# Brazilian Wax



## 2ofus (Dec 25, 2012)

I'm having my first Brazilian wax tomorrow an I'm excited (so is my husband)

Any advice???


----------



## Holland (Aug 20, 2012)

Have a scotch or two first 

But seriously the best thing I can say is that it is important to have it done by someone that you can talk to, the time will pass much quicker and you will forget you have your legs in the air and everything on show.


----------



## Therealbrighteyes (Feb 11, 2010)

You have to go to a place that does waxing with blue Azulene wax, doesn't do it as an "add on" at a nail salon and that is done by a cosmetologist, NOT a nail tech as so often is the case. 
If you are paying under $50 for one, you will regret it. The wax will be cheap and the service will be painful. Most Brazilian waxes cost $75, they are worth every penny and you don't feel nearly what most women describe. Mine puts in a music video of my choosing and I have gone to her every 6 weeks for 4 years and it is pretty pain free.

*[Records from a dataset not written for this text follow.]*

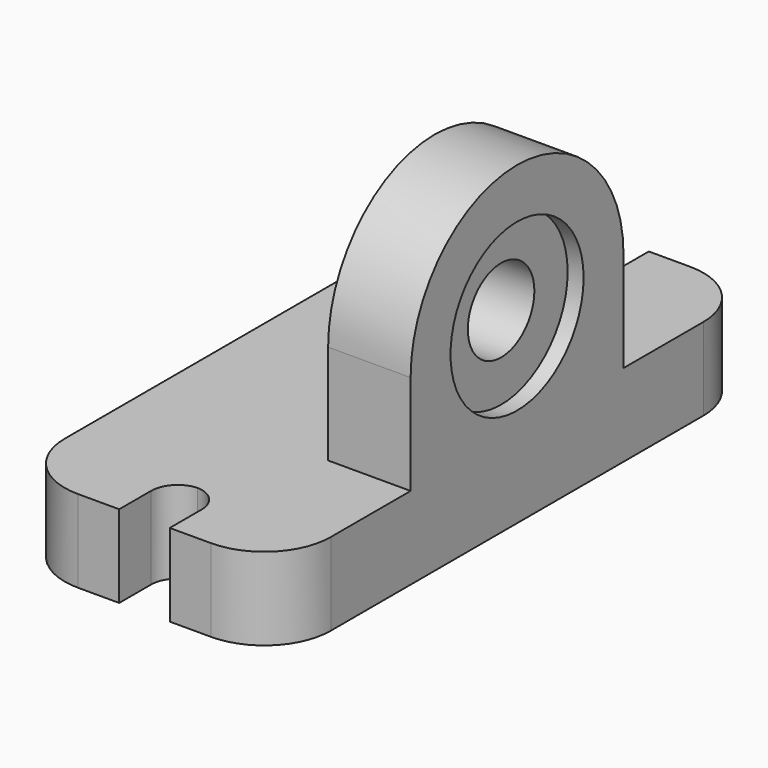
from build123d import *

# Parameters (mm, degrees)
F0_W        = 50.8
F0_H        = 114.3
F1_DEPTH    = 15.748
F2_W        = 9.652
F2_H        = 12.7
F3_DEPTH    = 25.4
F4_R        = 12.7
F5_T1_DEPTH = 15.748
F7_DEPTH    = 15.748
F8_R        = 15.875
F9_DEPTH    = 3.048
F10_R       = 7.9375
F11_DEPTH   = 25.4


# Not quite as in the source:
# - a fillet or chamfer that OpenCascade refuses, or shapes differently, is made with other operations: its cross-section is extruded or revolved along the edge and cut away or added


with BuildPart() as f1:
    # F0 (on Top) → F1 (new body)
    with BuildSketch(Plane.XY):
        with Locations((-2.3709591478, 9.3886919219)):
            Rectangle(F0_W, F0_H)
    extrude(amount=F1_DEPTH)

    # F2 (on face) → F3 (cut)
    with BuildSketch(Plane.XY.offset(15.748)):
        with Locations((-2.3709591478, -41.4113080781)):
            Rectangle(F2_W, F2_H)
        with Locations((-2.3709591478, 60.1886919219)):
            Rectangle(F2_W, F2_H)
    extrude(amount=-F3_DEPTH, mode=Mode.SUBTRACT)

    # F4
    f4_edges = [f1.edges().sort_by_distance(p)[0] for p in [
        (-27.770959, 66.538692, 7.874),
        (23.029041, 66.538692, 7.874),
        (-27.770959, -47.761308, 7.874),
        (23.029041, -47.761308, 7.874),
    ]]
    fillet(f4_edges, radius=F4_R)

    # F5: fillet of radius 5.08 on 4 edges, made by hand

    # F5_s2 → F5_t1 (join)
    with BuildSketch(Plane.XY):
        with BuildLine():
            ThreePointArc((-2.6249591478, 53.8386919219), (0.9671433006, 55.3265894735), (2.4550408522, 58.9186919219))
            Line((2.4550408522, 58.9186919219), (2.4550408522, 53.8386919219))
            Line((2.4550408522, 53.8386919219), (-2.6249591478, 53.8386919219))
        make_face()
        with BuildLine():
            ThreePointArc((-7.1969591478, 58.9186919219), (-5.7090615962, 55.3265894735), (-2.1169591478, 53.8386919219))
            Line((-2.1169591478, 53.8386919219), (-7.1969591478, 53.8386919219))
            Line((-7.1969591478, 53.8386919219), (-7.1969591478, 58.9186919219))
        make_face()
        with BuildLine():
            ThreePointArc((-2.6249591478, -35.0613080781), (0.9671433006, -36.5492056297), (2.4550408522, -40.1413080781))
            Line((2.4550408522, -40.1413080781), (2.4550408522, -35.0613080781))
            Line((2.4550408522, -35.0613080781), (-2.6249591478, -35.0613080781))
        make_face()
        with BuildLine():
            ThreePointArc((-7.1969591478, -40.1413080781), (-5.7090615962, -36.5492056297), (-2.1169591478, -35.0613080781))
            Line((-2.1169591478, -35.0613080781), (-7.1969591478, -35.0613080781))
            Line((-7.1969591478, -35.0613080781), (-7.1969591478, -40.1413080781))
        make_face()
    extrude(amount=F5_T1_DEPTH)

    # F6 (on face) → F7 (join)
    with BuildSketch(Plane.YZ.offset(23.0290408522)):
        with BuildLine():
            Line((34.7886919219, 15.748), (34.7886919219, 34.798))
            ThreePointArc((34.7886919219, 34.798), (9.3886919219, 60.198), (-16.0113080781, 34.798))
            Line((-16.0113080781, 34.798), (-16.0113080781, 15.748))
            Line((-16.0113080781, 15.748), (34.7886919219, 15.748))
        make_face()
    extrude(amount=-F7_DEPTH)

    # F8 (on face) → F9 (cut)
    with BuildSketch(Plane.YZ.offset(23.0290408522)):
        with Locations((9.3886919219, 34.798)):
            Circle(F8_R)
    extrude(amount=-F9_DEPTH, mode=Mode.SUBTRACT)

    # F10 (on face) → F11 (cut)
    with BuildSketch(Plane.YZ.offset(19.9810408522)):
        with Locations((9.3886919219, 34.798)):
            Circle(F10_R)
    extrude(amount=-F11_DEPTH, mode=Mode.SUBTRACT)


solid = f1.part

Two things besides what I said: If she dips the applicator in the wax more than once, leave. Every new application needs a new applicator. The wax isn't thrown out and if she double dips, you just got whatever the previous client has all over your privates. If their isn't medical type paper on the table, leave. While they may say they wipe down the table, don't believe it. My waxer worked for one day at a place like that and she assured me that none of the beds were wiped down unless they needed it.

You'll love the results just make sure the product being used is blue hard wax, the waxer is a licensed cosmetologist and inspect the surroundings, paper on the table is the very least. What you are getting is a gyno exam with hot wax. Take the same care as you would about a medical doctor.


----------



## 2ofus (Dec 25, 2012)

Thanks very much Holland and Therealbrighteyes. The beautician I'm going to comes highly recommended, they charge $80. 
I will defiantly keep an eye on double dipping, thanks for that.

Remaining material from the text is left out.